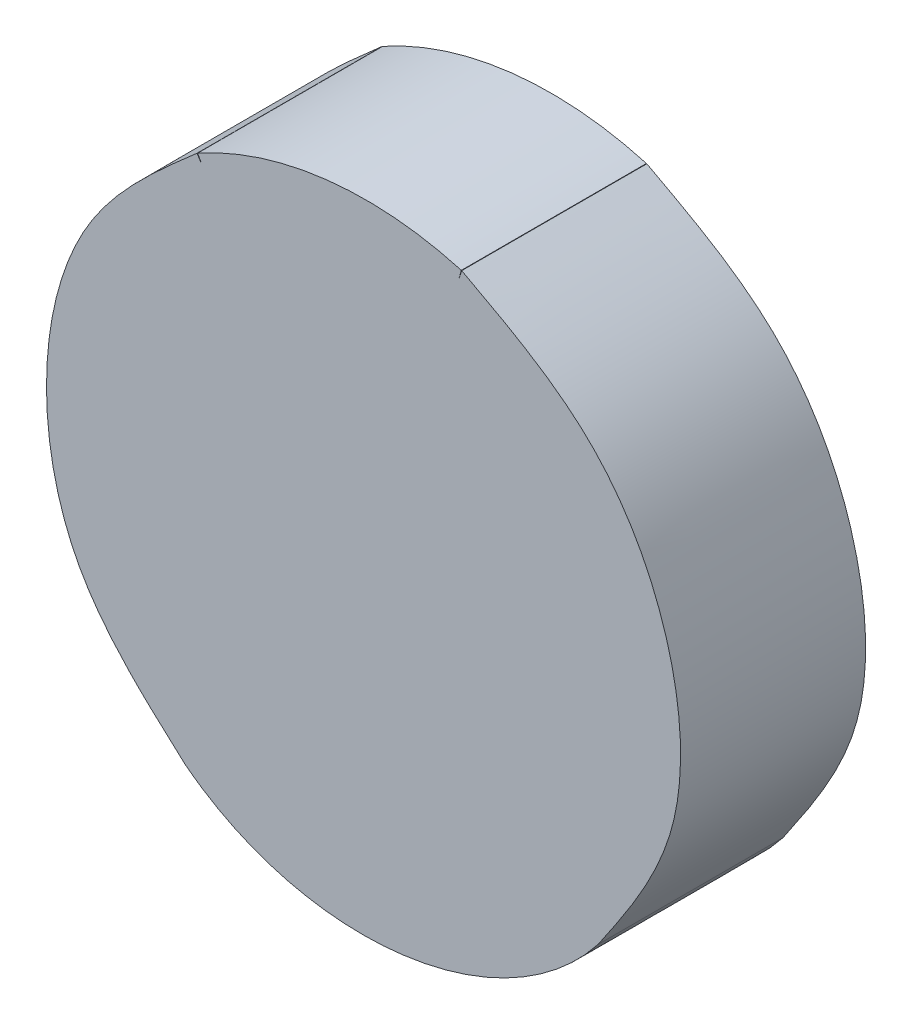
ISO-10303-21;
HEADER;
FILE_DESCRIPTION(('STEP AP214'),'2;1');
FILE_NAME('part.step','',(''),(''),'','','');
FILE_SCHEMA(('AUTOMOTIVE_DESIGN { 1 0 10303 214 1 1 1 1 }'));
ENDSEC;
DATA;
#1=APPLICATION_CONTEXT('core data for automotive mechanical design processes');
#2=APPLICATION_PROTOCOL_DEFINITION('international standard','automotive_design',2000,#1);
#3=PRODUCT_CONTEXT('',#1,'mechanical');
#4=PRODUCT('Part','Part','',(#3));
#5=PRODUCT_RELATED_PRODUCT_CATEGORY('part','',(#4));
#6=PRODUCT_DEFINITION_FORMATION('','',#4);
#7=PRODUCT_DEFINITION_CONTEXT('part definition',#1,'design');
#8=PRODUCT_DEFINITION('design','',#6,#7);
#9=PRODUCT_DEFINITION_SHAPE('','',#8);
#10=(LENGTH_UNIT() NAMED_UNIT(*) SI_UNIT(.MILLI.,.METRE.));
#11=(NAMED_UNIT(*) PLANE_ANGLE_UNIT() SI_UNIT($,.RADIAN.));
#12=(NAMED_UNIT(*) SI_UNIT($,.STERADIAN.) SOLID_ANGLE_UNIT());
#13=UNCERTAINTY_MEASURE_WITH_UNIT(LENGTH_MEASURE(1.E-05),#10,'distance_accuracy_value','');
#14=(GEOMETRIC_REPRESENTATION_CONTEXT(3) GLOBAL_UNCERTAINTY_ASSIGNED_CONTEXT((#13)) GLOBAL_UNIT_ASSIGNED_CONTEXT((#10,
#11,#12)) REPRESENTATION_CONTEXT('',''));
#15=CARTESIAN_POINT('',(0.,0.,0.));
#16=DIRECTION('',(0.,0.,1.));
#17=DIRECTION('',(1.,0.,0.));
#18=AXIS2_PLACEMENT_3D('',#15,#16,#17);
#19=CARTESIAN_POINT('',(-17.9585100029639,25.4594414816316,-51.0219187273409));
#20=DIRECTION('',(0.8322225883832,0.554441668153438,0.));
#21=DIRECTION('',(-0.554441668153438,0.8322225883832,0.));
#22=AXIS2_PLACEMENT_3D('',#19,#20,#21);
#23=PLANE('',#22);
#24=CARTESIAN_POINT('',(-17.9585100029639,25.4594414816316,-52.3040000000001));
#25=DIRECTION('',(0.554441668153438,-0.8322225883832,0.));
#26=VECTOR('',#25,1.);
#27=LINE('',#24,#26);
#28=CARTESIAN_POINT('',(-17.9585100029639,25.4594414816316,-52.3040000000001));
#29=VERTEX_POINT('',#28);
#30=CARTESIAN_POINT('',(-17.9235256596213,25.406929626117,-52.3040000000001));
#31=VERTEX_POINT('',#30);
#32=EDGE_CURVE('E382',#29,#31,#27,.T.);
#33=ORIENTED_EDGE('',*,*,#32,.F.);
#34=CARTESIAN_POINT('',(-17.9585100029639,25.4594414816316,-51.0219187273409));
#35=DIRECTION('',(0.,0.,-1.));
#36=VECTOR('',#35,1.);
#37=LINE('',#34,#36);
#38=CARTESIAN_POINT('',(-17.9585100029639,25.4594414816316,-51.0219187273409));
#39=VERTEX_POINT('',#38);
#40=EDGE_CURVE('E35',#39,#29,#37,.T.);
#41=ORIENTED_EDGE('',*,*,#40,.F.);
#42=CARTESIAN_POINT('',(-17.9585100029639,25.4594414816316,-51.0219187273409));
#43=DIRECTION('',(0.554441668153438,-0.8322225883832,0.));
#44=VECTOR('',#43,1.);
#45=LINE('',#42,#44);
#46=CARTESIAN_POINT('',(-17.9235256596213,25.406929626117,-51.0219187273409));
#47=VERTEX_POINT('',#46);
#48=EDGE_CURVE('E202',#39,#47,#45,.T.);
#49=ORIENTED_EDGE('',*,*,#48,.T.);
#50=CARTESIAN_POINT('',(-17.9235256596214,25.4069296261169,-51.0219187273409));
#51=DIRECTION('',(0.,0.,-1.));
#52=VECTOR('',#51,1.);
#53=LINE('',#50,#52);
#54=EDGE_CURVE('E10',#47,#31,#53,.T.);
#55=ORIENTED_EDGE('',*,*,#54,.T.);
#56=EDGE_LOOP('',(#33,#41,#49,#55));
#57=FACE_BOUND('',#56,.T.);
#58=ADVANCED_FACE('F16',(#57),#23,.T.);
#59=CARTESIAN_POINT('',(-17.9235256596213,25.4069296261169,-51.021918727341));
#60=DIRECTION('',(-0.873926326381101,-0.486058408072563,0.));
#61=DIRECTION('',(0.486058408072563,-0.873926326381101,0.));
#62=AXIS2_PLACEMENT_3D('',#59,#60,#61);
#63=PLANE('',#62);
#64=DIRECTION('',(-0.486058408072563,0.873926326381101,3.2990859998867E-13));
#65=VECTOR('',#64,1.);
#66=CARTESIAN_POINT('',(-17.9235256596213,25.4069296261169,-52.3040000000001));
#67=LINE('',#66,#65);
#68=CARTESIAN_POINT('',(-17.9541951334528,25.4620729178541,-52.3040000000001));
#69=VERTEX_POINT('',#68);
#70=EDGE_CURVE('E384',#31,#69,#67,.T.);
#71=ORIENTED_EDGE('',*,*,#70,.F.);
#72=ORIENTED_EDGE('',*,*,#54,.F.);
#73=DIRECTION('',(-0.486058408072563,0.873926326381101,3.2990859998867E-13));
#74=VECTOR('',#73,1.);
#75=CARTESIAN_POINT('',(-17.9235256596213,25.4069296261169,-51.021918727341));
#76=LINE('',#75,#74);
#77=CARTESIAN_POINT('',(-17.9541951334528,25.4620729178541,-51.0219187273409));
#78=VERTEX_POINT('',#77);
#79=EDGE_CURVE('E253',#47,#78,#76,.T.);
#80=ORIENTED_EDGE('',*,*,#79,.T.);
#81=DIRECTION('',(0.,0.,-1.));
#82=VECTOR('',#81,1.);
#83=CARTESIAN_POINT('',(-17.9541951334528,25.4620729178541,-51.0219187273409));
#84=LINE('',#83,#82);
#85=EDGE_CURVE('E27',#78,#69,#84,.T.);
#86=ORIENTED_EDGE('',*,*,#85,.T.);
#87=EDGE_LOOP('',(#71,#72,#80,#86));
#88=FACE_BOUND('',#87,.T.);
#89=ADVANCED_FACE('F363',(#88),#63,.T.);
#90=CARTESIAN_POINT('',(-16.7861611361917,23.3619638705433,-51.0219187273409));
#91=DIRECTION('',(0.,0.,-1.));
#92=DIRECTION('',(-1.,0.,0.));
#93=AXIS2_PLACEMENT_3D('',#90,#91,#92);
#94=CYLINDRICAL_SURFACE('',#93,2.40307332999939);
#95=CARTESIAN_POINT('',(-16.7861611361917,23.3619638705433,-52.3040000000001));
#96=DIRECTION('',(0.,0.,-1.));
#97=DIRECTION('',(-0.486058408072544,0.873926326381111,0.));
#98=AXIS2_PLACEMENT_3D('',#95,#96,#97);
#99=CIRCLE('',#98,2.40307332999939);
#100=CARTESIAN_POINT('',(-16.1270845088251,25.672889968153,-52.3040000000001));
#101=VERTEX_POINT('',#100);
#102=EDGE_CURVE('E400',#69,#101,#99,.T.);
#103=ORIENTED_EDGE('',*,*,#102,.F.);
#104=ORIENTED_EDGE('',*,*,#85,.F.);
#105=CARTESIAN_POINT('',(-16.7861611361917,23.3619638705433,-51.0219187273409));
#106=DIRECTION('',(0.,0.,-1.));
#107=DIRECTION('',(-0.486058408072544,0.873926326381111,0.));
#108=AXIS2_PLACEMENT_3D('',#105,#106,#107);
#109=CIRCLE('',#108,2.40307332999939);
#110=CARTESIAN_POINT('',(-16.1270845088251,25.672889968153,-51.0219187273409));
#111=VERTEX_POINT('',#110);
#112=EDGE_CURVE('E292',#78,#111,#109,.T.);
#113=ORIENTED_EDGE('',*,*,#112,.T.);
#114=DIRECTION('',(0.,0.,-1.));
#115=VECTOR('',#114,1.);
#116=CARTESIAN_POINT('',(-16.1270845088251,25.672889968153,-51.0219187273409));
#117=LINE('',#116,#115);
#118=EDGE_CURVE('E229',#111,#101,#117,.T.);
#119=ORIENTED_EDGE('',*,*,#118,.T.);
#120=EDGE_LOOP('',(#103,#104,#113,#119));
#121=FACE_BOUND('',#120,.T.);
#122=ADVANCED_FACE('F371',(#121),#94,.T.);
#123=CARTESIAN_POINT('',(-16.1270845088251,25.672889968153,-51.0219187273409));
#124=DIRECTION('',(0.96165442342546,-0.274264051428993,0.));
#125=DIRECTION('',(0.274264051428993,0.961654423425461,0.));
#126=AXIS2_PLACEMENT_3D('',#123,#124,#125);
#127=PLANE('',#126);
#128=DIRECTION('',(-0.274264051428993,-0.96165442342546,-3.29908599988693E-13));
#129=VECTOR('',#128,1.);
#130=CARTESIAN_POINT('',(-16.1270845088251,25.672889968153,-52.3040000000001));
#131=LINE('',#130,#129);
#132=CARTESIAN_POINT('',(-16.1443901124492,25.6122111799983,-52.3040000000001));
#133=VERTEX_POINT('',#132);
#134=EDGE_CURVE('E403',#101,#133,#131,.T.);
#135=ORIENTED_EDGE('',*,*,#134,.F.);
#136=ORIENTED_EDGE('',*,*,#118,.F.);
#137=DIRECTION('',(-0.274264051428993,-0.96165442342546,-3.29908599988693E-13));
#138=VECTOR('',#137,1.);
#139=CARTESIAN_POINT('',(-16.1270845088251,25.672889968153,-51.0219187273409));
#140=LINE('',#139,#138);
#141=CARTESIAN_POINT('',(-16.1443901124492,25.6122111799983,-51.0219187273409));
#142=VERTEX_POINT('',#141);
#143=EDGE_CURVE('E296',#111,#142,#140,.T.);
#144=ORIENTED_EDGE('',*,*,#143,.T.);
#145=CARTESIAN_POINT('',(-16.1443901124492,25.6122111799983,-51.0219187273409));
#146=DIRECTION('',(0.,0.,-1.));
#147=VECTOR('',#146,1.);
#148=LINE('',#145,#147);
#149=EDGE_CURVE('E234',#142,#133,#148,.T.);
#150=ORIENTED_EDGE('',*,*,#149,.T.);
#151=EDGE_LOOP('',(#135,#136,#144,#150));
#152=FACE_BOUND('',#151,.T.);
#153=ADVANCED_FACE('F322',(#152),#127,.T.);
#154=CARTESIAN_POINT('',(-16.1246524741276,25.6721963513265,-51.0219187273409));
#155=DIRECTION('',(-0.949899115814475,0.312556666502056,0.));
#156=DIRECTION('',(-0.312556666502056,-0.949899115814476,0.));
#157=AXIS2_PLACEMENT_3D('',#154,#155,#156);
#158=PLANE('',#157);
#159=CARTESIAN_POINT('',(-16.1443901124492,25.6122111799983,-52.3040000000001));
#160=DIRECTION('',(0.312556666502056,0.949899115814475,0.));
#161=VECTOR('',#160,1.);
#162=LINE('',#159,#161);
#163=CARTESIAN_POINT('',(-16.1246524741276,25.6721963513265,-52.3040000000001));
#164=VERTEX_POINT('',#163);
#165=EDGE_CURVE('E208',#133,#164,#162,.T.);
#166=ORIENTED_EDGE('',*,*,#165,.F.);
#167=ORIENTED_EDGE('',*,*,#149,.F.);
#168=CARTESIAN_POINT('',(-16.1443901124492,25.6122111799983,-51.0219187273409));
#169=DIRECTION('',(0.312556666502056,0.949899115814475,0.));
#170=VECTOR('',#169,1.);
#171=LINE('',#168,#170);
#172=CARTESIAN_POINT('',(-16.1246524741276,25.6721963513265,-51.0219187273409));
#173=VERTEX_POINT('',#172);
#174=EDGE_CURVE('E116',#142,#173,#171,.T.);
#175=ORIENTED_EDGE('',*,*,#174,.T.);
#176=CARTESIAN_POINT('',(-16.1246524741276,25.6721963513265,-52.3040000000001));
#177=DIRECTION('',(0.,0.,1.));
#178=VECTOR('',#177,1.);
#179=LINE('',#176,#178);
#180=EDGE_CURVE('E104',#173,#164,#179,.F.);
#181=ORIENTED_EDGE('',*,*,#180,.T.);
#182=EDGE_LOOP('',(#166,#167,#175,#181));
#183=FACE_BOUND('',#182,.T.);
#184=ADVANCED_FACE('F303',(#183),#158,.T.);
#185=CARTESIAN_POINT('',(-15.1805327508488,22.101617603026,-51.0219187273409));
#186=CARTESIAN_POINT('',(-14.9720709850548,22.4069582808454,-51.0219187273409));
#187=CARTESIAN_POINT('',(-14.5552956871221,23.0174225138644,-51.0219187273409));
#188=CARTESIAN_POINT('',(-14.6153007486994,24.160354337476,-51.0219187273409));
#189=CARTESIAN_POINT('',(-15.1540418997386,25.1551607704051,-51.0219187273409));
#190=CARTESIAN_POINT('',(-15.8010090212197,25.4997943756001,-51.0219187273409));
#191=CARTESIAN_POINT('',(-16.1246524741276,25.6721963513265,-51.0219187273409));
#192=B_SPLINE_CURVE_WITH_KNOTS('',3,(#185,#186,#187,#188,#189,#190,#191),.UNSPECIFIED.,.F.,.F.,
(4,1,1,1,4),(0.,0.250516938772342,0.500855739163443,0.750304510519087,1.),.UNSPECIFIED.);
#193=DIRECTION('',(0.,0.,-1.));
#194=VECTOR('',#193,1.);
#195=SURFACE_OF_LINEAR_EXTRUSION('',#192,#194);
#196=CARTESIAN_POINT('',(-15.1805327508488,22.101617603026,-52.3040000000001));
#197=CARTESIAN_POINT('',(-14.9720709850548,22.4069582808454,-52.3040000000001));
#198=CARTESIAN_POINT('',(-14.5552956871221,23.0174225138644,-52.3040000000001));
#199=CARTESIAN_POINT('',(-14.6153007486994,24.160354337476,-52.3040000000001));
#200=CARTESIAN_POINT('',(-15.1540418997386,25.1551607704051,-52.3040000000001));
#201=CARTESIAN_POINT('',(-15.8010090212197,25.4997943756001,-52.3040000000001));
#202=CARTESIAN_POINT('',(-16.1246524741276,25.6721963513265,-52.3040000000001));
#203=B_SPLINE_CURVE_WITH_KNOTS('',3,(#196,#197,#198,#199,#200,#201,#202),.UNSPECIFIED.,.F.,.F.,
(4,1,1,1,4),(0.,0.250516938772342,0.500855739163443,0.750304510519087,1.),.UNSPECIFIED.);
#204=CARTESIAN_POINT('',(-15.1805345153285,22.101619119651,-52.3040000000001));
#205=VERTEX_POINT('',#204);
#206=EDGE_CURVE('E205',#164,#205,#203,.F.);
#207=ORIENTED_EDGE('',*,*,#206,.F.);
#208=ORIENTED_EDGE('',*,*,#180,.F.);
#209=CARTESIAN_POINT('',(-16.1246524741276,25.6721963513265,-51.0219187273409));
#210=CARTESIAN_POINT('',(-15.8010090212197,25.4997943756001,-51.0219187273409));
#211=CARTESIAN_POINT('',(-15.1540418997386,25.1551607704051,-51.0219187273409));
#212=CARTESIAN_POINT('',(-14.6153007486994,24.160354337476,-51.0219187273409));
#213=CARTESIAN_POINT('',(-14.5552956871221,23.0174225138644,-51.0219187273409));
#214=CARTESIAN_POINT('',(-14.9720709850548,22.4069582808454,-51.0219187273409));
#215=CARTESIAN_POINT('',(-15.1805327508488,22.101617603026,-51.0219187273409));
#216=B_SPLINE_CURVE_WITH_KNOTS('',3,(#209,#210,#211,#212,#213,#214,#215),.UNSPECIFIED.,.F.,.F.,
(4,1,1,1,4),(0.,0.249695489480913,0.499144260836557,0.749483061227658,1.),.UNSPECIFIED.);
#217=CARTESIAN_POINT('',(-15.1805345153285,22.101619119651,-51.0219187273409));
#218=VERTEX_POINT('',#217);
#219=EDGE_CURVE('E108',#173,#218,#216,.T.);
#220=ORIENTED_EDGE('',*,*,#219,.T.);
#221=CARTESIAN_POINT('',(-15.1805327508488,22.101617603026,-51.0219187273409));
#222=DIRECTION('',(0.,0.,-1.));
#223=VECTOR('',#222,1.);
#224=LINE('',#221,#223);
#225=EDGE_CURVE('E91',#218,#205,#224,.T.);
#226=ORIENTED_EDGE('',*,*,#225,.T.);
#227=EDGE_LOOP('',(#207,#208,#220,#226));
#228=FACE_BOUND('',#227,.T.);
#229=ADVANCED_FACE('F110',(#228),#195,.F.);
#230=CARTESIAN_POINT('',(-15.178745488046,22.1039011729961,-51.0219187273409));
#231=CARTESIAN_POINT('',(-15.8430209544582,21.2551622496721,-51.0219187273412));
#232=CARTESIAN_POINT('',(-17.1954366509493,21.0902349851489,-51.0219187273407));
#233=CARTESIAN_POINT('',(-18.0442238337388,21.7545482223974,-51.021918727341));
#234=B_SPLINE_CURVE_WITH_KNOTS('',3,(#230,#231,#232,#233),.UNSPECIFIED.,.F.,.F.,(4,4),(0.,1.),.UNSPECIFIED.);
#235=DIRECTION('',(0.,0.,-1.));
#236=VECTOR('',#235,1.);
#237=SURFACE_OF_LINEAR_EXTRUSION('',#234,#236);
#238=CARTESIAN_POINT('',(-15.178745488046,22.1039011729961,-52.3040000000001));
#239=CARTESIAN_POINT('',(-15.8430209544582,21.2551622496721,-52.3040000000003));
#240=CARTESIAN_POINT('',(-17.1954366509493,21.0902349851489,-52.3039999999999));
#241=CARTESIAN_POINT('',(-18.0442238337388,21.7545482223974,-52.3040000000001));
#242=B_SPLINE_CURVE_WITH_KNOTS('',3,(#238,#239,#240,#241),.UNSPECIFIED.,.F.,.F.,(4,4),(0.,1.),.UNSPECIFIED.);
#243=CARTESIAN_POINT('',(-18.0419402637688,21.7527609595946,-52.3040000000001));
#244=VERTEX_POINT('',#243);
#245=EDGE_CURVE('E99',#205,#244,#242,.T.);
#246=ORIENTED_EDGE('',*,*,#245,.F.);
#247=ORIENTED_EDGE('',*,*,#225,.F.);
#248=CARTESIAN_POINT('',(-18.0419402637688,21.7527609595946,-51.0219187273409));
#249=VERTEX_POINT('',#248);
#250=EDGE_CURVE('E96',#218,#249,#234,.T.);
#251=ORIENTED_EDGE('',*,*,#250,.T.);
#252=CARTESIAN_POINT('',(-18.0419388334339,21.7527627916746,-51.0219187273409));
#253=DIRECTION('',(0.,0.,-1.));
#254=VECTOR('',#253,1.);
#255=LINE('',#252,#254);
#256=EDGE_CURVE('E64',#249,#244,#255,.T.);
#257=ORIENTED_EDGE('',*,*,#256,.T.);
#258=EDGE_LOOP('',(#246,#247,#251,#257));
#259=FACE_BOUND('',#258,.T.);
#260=ADVANCED_FACE('F94',(#259),#237,.T.);
#261=CARTESIAN_POINT('',(-17.9585100029639,25.4594414816316,-51.0219187273409));
#262=CARTESIAN_POINT('',(-18.2364907119851,25.2164460045791,-51.0219187273409));
#263=CARTESIAN_POINT('',(-18.7923626648342,24.7305332560349,-51.0219187273409));
#264=CARTESIAN_POINT('',(-19.0835994922088,23.6287914207275,-51.0219187273409));
#265=CARTESIAN_POINT('',(-18.8707869196629,22.4977560112366,-51.0219187273409));
#266=CARTESIAN_POINT('',(-18.3182221688628,22.0010923616575,-51.0219187273409));
#267=CARTESIAN_POINT('',(-18.0419402637688,21.7527609595946,-51.0219187273409));
#268=B_SPLINE_CURVE_WITH_KNOTS('',3,(#261,#262,#263,#264,#265,#266,#267),.UNSPECIFIED.,.F.,.F.,
(4,1,1,1,4),(0.,0.249800805132472,0.499521214480128,0.749761033213948,1.),.UNSPECIFIED.);
#269=DIRECTION('',(0.,0.,-1.));
#270=VECTOR('',#269,1.);
#271=SURFACE_OF_LINEAR_EXTRUSION('',#268,#270);
#272=CARTESIAN_POINT('',(-17.9585100029639,25.4594414816316,-52.3040000000001));
#273=CARTESIAN_POINT('',(-18.2364907119851,25.2164460045791,-52.3040000000001));
#274=CARTESIAN_POINT('',(-18.7923626648342,24.7305332560349,-52.3040000000001));
#275=CARTESIAN_POINT('',(-19.0835994922088,23.6287914207275,-52.3040000000001));
#276=CARTESIAN_POINT('',(-18.8707869196629,22.4977560112366,-52.3040000000001));
#277=CARTESIAN_POINT('',(-18.3182221688628,22.0010923616575,-52.3040000000001));
#278=CARTESIAN_POINT('',(-18.0419402637688,21.7527609595946,-52.3040000000001));
#279=B_SPLINE_CURVE_WITH_KNOTS('',3,(#272,#273,#274,#275,#276,#277,#278),.UNSPECIFIED.,.F.,.F.,
(4,1,1,1,4),(0.,0.249800805132472,0.499521214480128,0.749761033213948,1.),.UNSPECIFIED.);
#280=EDGE_CURVE('E176',#244,#29,#279,.F.);
#281=ORIENTED_EDGE('',*,*,#280,.F.);
#282=ORIENTED_EDGE('',*,*,#256,.F.);
#283=CARTESIAN_POINT('',(-18.0419402637688,21.7527609595946,-51.0219187273409));
#284=CARTESIAN_POINT('',(-18.3182221688628,22.0010923616575,-51.0219187273409));
#285=CARTESIAN_POINT('',(-18.8707869196629,22.4977560112366,-51.0219187273409));
#286=CARTESIAN_POINT('',(-19.0835994922088,23.6287914207275,-51.0219187273409));
#287=CARTESIAN_POINT('',(-18.7923626648342,24.7305332560349,-51.0219187273409));
#288=CARTESIAN_POINT('',(-18.2364907119851,25.2164460045791,-51.0219187273409));
#289=CARTESIAN_POINT('',(-17.9585100029639,25.4594414816316,-51.0219187273409));
#290=B_SPLINE_CURVE_WITH_KNOTS('',3,(#283,#284,#285,#286,#287,#288,#289),.UNSPECIFIED.,.F.,.F.,
(4,1,1,1,4),(0.,0.250238966786052,0.500478785519872,0.750199194867528,1.),.UNSPECIFIED.);
#291=EDGE_CURVE('E121',#249,#39,#290,.T.);
#292=ORIENTED_EDGE('',*,*,#291,.T.);
#293=ORIENTED_EDGE('',*,*,#40,.T.);
#294=EDGE_LOOP('',(#281,#282,#292,#293));
#295=FACE_BOUND('',#294,.T.);
#296=ADVANCED_FACE('F143',(#295),#271,.F.);
#297=CARTESIAN_POINT('',(-18.0201067097001,21.815912892897,-51.0219187273409));
#298=DIRECTION('',(0.,0.,-1.));
#299=DIRECTION('',(0.,1.,0.));
#300=AXIS2_PLACEMENT_3D('',#297,#298,#299);
#301=PLANE('',#300);
#302=ORIENTED_EDGE('',*,*,#48,.F.);
#303=ORIENTED_EDGE('',*,*,#291,.F.);
#304=ORIENTED_EDGE('',*,*,#250,.F.);
#305=ORIENTED_EDGE('',*,*,#219,.F.);
#306=ORIENTED_EDGE('',*,*,#174,.F.);
#307=ORIENTED_EDGE('',*,*,#143,.F.);
#308=ORIENTED_EDGE('',*,*,#112,.F.);
#309=ORIENTED_EDGE('',*,*,#79,.F.);
#310=EDGE_LOOP('',(#302,#303,#304,#305,#306,#307,#308,#309));
#311=FACE_BOUND('',#310,.T.);
#312=ADVANCED_FACE('F120',(#311),#301,.F.);
#313=CARTESIAN_POINT('',(-18.0201067097001,21.815912892897,-52.3040000000001));
#314=DIRECTION('',(0.,0.,-1.));
#315=DIRECTION('',(0.,1.,0.));
#316=AXIS2_PLACEMENT_3D('',#313,#314,#315);
#317=PLANE('',#316);
#318=ORIENTED_EDGE('',*,*,#32,.T.);
#319=ORIENTED_EDGE('',*,*,#70,.T.);
#320=ORIENTED_EDGE('',*,*,#102,.T.);
#321=ORIENTED_EDGE('',*,*,#134,.T.);
#322=ORIENTED_EDGE('',*,*,#165,.T.);
#323=ORIENTED_EDGE('',*,*,#206,.T.);
#324=ORIENTED_EDGE('',*,*,#245,.T.);
#325=ORIENTED_EDGE('',*,*,#280,.T.);
#326=EDGE_LOOP('',(#318,#319,#320,#321,#322,#323,#324,#325));
#327=FACE_BOUND('',#326,.T.);
#328=ADVANCED_FACE('F203',(#327),#317,.T.);
#329=CLOSED_SHELL('',(#58,#89,#122,#153,#184,#229,#260,#296,#312,#328));
#330=MANIFOLD_SOLID_BREP('B1',#329);
#331=ADVANCED_BREP_SHAPE_REPRESENTATION('',(#18,#330),#14);
#332=SHAPE_DEFINITION_REPRESENTATION(#9,#331);
ENDSEC;
END-ISO-10303-21;
####################
> **Problem statement**: The output should be exactly the lines above from the line containing "#246=ORIENTED_EDGE('',*,*,#245,.F.);" to the line containing "#253=DIRECTION('',(0.,0.,-1.));", inclusive, with no other lines.

> **Result**:
#246=ORIENTED_EDGE('',*,*,#245,.F.);
#247=ORIENTED_EDGE('',*,*,#225,.F.);
#248=CARTESIAN_POINT('',(-18.0419402637688,21.7527609595946,-51.0219187273409));
#249=VERTEX_POINT('',#248);
#250=EDGE_CURVE('E96',#218,#249,#234,.T.);
#251=ORIENTED_EDGE('',*,*,#250,.T.);
#252=CARTESIAN_POINT('',(-18.0419388334339,21.7527627916746,-51.0219187273409));
#253=DIRECTION('',(0.,0.,-1.));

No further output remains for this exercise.